Excertos da tradução em português de Dimas David Santos Silva, do livro de Steven Wasserstrom, “Religion after Religion“
Eliezer Schweid e Susan Hendelman mostraram que, para Gershom Scholem, a distinção goetheana entre símbolo e alegoria ‘tem o status de um princípio metodológico’. Não fica claro se Scholem ou Benjamin teve primeiro a ideia. De acordo com David Biale, Benjamin tomou primeiro a ideia de Goethe. Jeffrey Mehlman observa que:
Parece que Benjamin renegou a alegoria, rejeitando a simbologia romântica de Scholem. No final, eles divergiram, ainda que concordassem quanto à importância geral do problema.
Como já observei, Jung disse algo similar, que o símbolo só pode ser traduzido em outro símbolo.69 Eliade notou simplesmente que o símbolo ‘não pode ser sempre traduzido em conceitos’. Paul Ricoeur desenvolveu este ponto em seu Simbolismo do Mal, um livro explicitamente calcado em Eliade.
Símbolo e alegoria, portanto, não estão no mesmo caminho: o símbolo origina a hermenêutica; as alegorias já são hermenêutica. Isto é assim porque o símbolo apresenta seu significado transparentemente, de um modo inteiramente diferente da simples tradução. … Ele apresenta seu significado na transparência opaca de um enigma e não pela tradução. Daí eu coloco, de um lado, a doação do significado em trans-aparência dos símbolos, com a interpretação por tradução das alegorias.
Embora Scholem e Eliade tenham sido unânimes em relação ao contraste alegoria/símbolo, foi Henry Corbin quem devotou suas amplas energias filosóficas a articular sua necessidade. Em sua defesa definitiva do mundus imaginalis, ele fez isto tão poderosamente quanto o faria com qualquer parte de seu corpo:
Ele reiterou este credo simbológico, definido por sua ardente oposição à alegoria, por toda a sua obra, tanto que se pode dizer que criou uma filosofia esotérica das formas simbólicas sem paralelo neste século. Dada a negligência de comparações em que parece ter caído, talvez valha a pena citar algumas de suas reflexões que encerram uma certa importância:
O símbolo não é um signo artificialmente construído; ele floresce na alma espontaneamente para anunciar algo que não pode ser expresso de outra maneira; é a expressão única da coisa simbolizada como de uma realidade que assim se torna transparente para a alma, mas que em si transcende toda expressão. Alegoria é uma figuração mais ou menos artificial de generalidades ou de abstrações que são perfeitamente reconhecidas ou expressas de outra maneira. O exegeta deve tomar cuidado para não fechar para si mesmo a estrada para o símbolo, que leva para fora deste mundo.

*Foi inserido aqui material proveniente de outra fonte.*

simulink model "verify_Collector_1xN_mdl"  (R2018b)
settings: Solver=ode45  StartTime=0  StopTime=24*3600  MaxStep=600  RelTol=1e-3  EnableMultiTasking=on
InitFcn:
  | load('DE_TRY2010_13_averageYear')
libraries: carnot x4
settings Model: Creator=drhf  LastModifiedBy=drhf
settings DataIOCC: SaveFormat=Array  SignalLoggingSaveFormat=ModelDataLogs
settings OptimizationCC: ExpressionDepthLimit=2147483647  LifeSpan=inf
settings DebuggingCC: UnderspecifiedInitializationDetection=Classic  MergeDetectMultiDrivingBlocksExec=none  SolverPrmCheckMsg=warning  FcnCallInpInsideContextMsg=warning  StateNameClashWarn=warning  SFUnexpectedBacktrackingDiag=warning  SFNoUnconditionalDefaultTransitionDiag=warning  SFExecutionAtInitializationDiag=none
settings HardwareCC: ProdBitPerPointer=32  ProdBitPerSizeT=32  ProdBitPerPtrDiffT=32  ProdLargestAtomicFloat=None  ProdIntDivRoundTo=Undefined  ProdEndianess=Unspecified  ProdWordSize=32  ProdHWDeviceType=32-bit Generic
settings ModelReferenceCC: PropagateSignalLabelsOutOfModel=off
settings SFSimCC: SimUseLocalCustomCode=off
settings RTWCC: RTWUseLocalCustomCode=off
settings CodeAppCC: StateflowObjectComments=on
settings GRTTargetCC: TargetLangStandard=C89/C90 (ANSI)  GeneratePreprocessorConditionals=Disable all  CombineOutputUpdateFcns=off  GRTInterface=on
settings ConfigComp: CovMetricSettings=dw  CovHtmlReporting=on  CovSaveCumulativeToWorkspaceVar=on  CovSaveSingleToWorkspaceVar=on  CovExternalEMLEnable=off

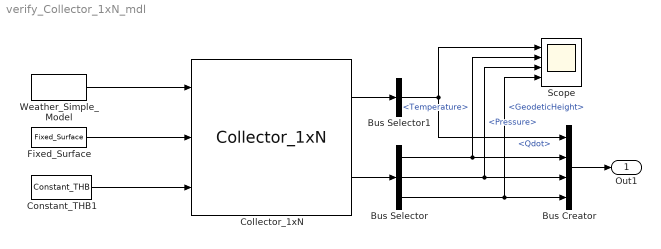
== system verify_Collector_1xN_mdl ==
  Bus Creator : BusCreator  Inputs=4
  Bus Selector : BusSelector  OutputSignals=Temperature,Pressure,GeodeticHeight
  Bus Selector1 : BusSelector  OutputSignals=Qdot
  Collector_1xN : carnot/Source/Solar_Thermal/Collector_1xN  acol=2.3  len=2  eta0=0.8  u1=3.5  u2=0.02  u3=0  uwind=0  c_col=1e4  lin=10  qua=10  tini=20  nodes=5
      settings: SourceProductName=Carnot
  Constant_THB1 : carnot/Source/Simple/Constant_THB  t=40  mdot=100/3600  p=1e5  mID=Full Pressure Drop with Static Height  fluid=Water  mix=0  mix2=0  mix3=0  dia=0.02  hgt=0
      settings: SourceProductName=Carnot
  Fixed_Surface : carnot/Weather/Fixed_Surface  colangle=30  colazi=0  colrot=0
      settings: SourceProductName=Carnot
  Scope : Scope  NumInputPorts=4
  Weather_Simple_Model : carnot/Weather/Weather_Simple_Model  Ibn=900  Idg=100  tamb=5  deltaTsky=-6  rh=50  precip="10e-3/24/3600           % 10 mm in 24 h"  cloud=0.125  p=1013e2  vw=1  wdir=270  lat=60  colangle=0  colazi=0  colrot=0
      settings: SourceProductName=Carnot
  Out1 : Outport
  wires:
  Bus Creator/1 -> Out1/1
  Collector_1xN/2 -> Bus Selector/1
  Bus Selector/1 -> Scope/2, Bus Creator/2  "<Temperature>"
  Bus Selector/2 -> Scope/3, Bus Creator/3  "<Pressure>"
  Weather_Simple_Model/1 -> Collector_1xN/1
  Constant_THB1/1 -> Collector_1xN/3
  Fixed_Surface/1 -> Collector_1xN/2
  Collector_1xN/1 -> Bus Selector1/1
  Bus Selector1/1 -> Bus Creator/1, Scope/1  "<Qdot>"
  Bus Selector/3 -> Scope/4, Bus Creator/4  "<GeodeticHeight>"

Para o leitor francamente exotérico, o que parece ser o verdadeiro senso é a leitura literal. O que alguém lhe propõe como o senso espiritual parece a ele o senso metafórico, como uma alegoria que ele confunde com o símbolo. Para o esotérico e o oposto: o assim chamado senso literal é apenas uma metáfora (majâz). O verdadeiro senso (haqiqat) é o evento que esta metáfora encerra.
A diferença entre ‘símbolo’ e o que hoje é geralmente denominado ‘alegoria’ é simples de dimensionar. Uma alegoria permanece no mesmo nível da evidência e da percepção, enquanto um símbolo garante a correspondência entre dois universos que pertencem a diferentes níveis ontológicos: é o meio, e o único, de penetrar no invisível, no mundo do mistério, na dimensão esotérica.
Alegoria é racional, permanece com seu significado em planos idênticos de consciência, enquanto o símbolo anuncia um plano de consciência distinto da evidência racional; é a chave de um mistério, o único meio de dizer alguma coisa que não pode ser apreendida de outra maneira; um símbolo nunca é explicado completamente, mas deve ser decifrado continuamente, assim como uma partitura musical nunca é decifrada totalmente, mas pede sempre nova execução.
Corbin, dos três historiadores da religião (Scholem, Eliade e Corbin), desenvolveu a teoria esotérica de simbolismo mais completa e mais sofisticada.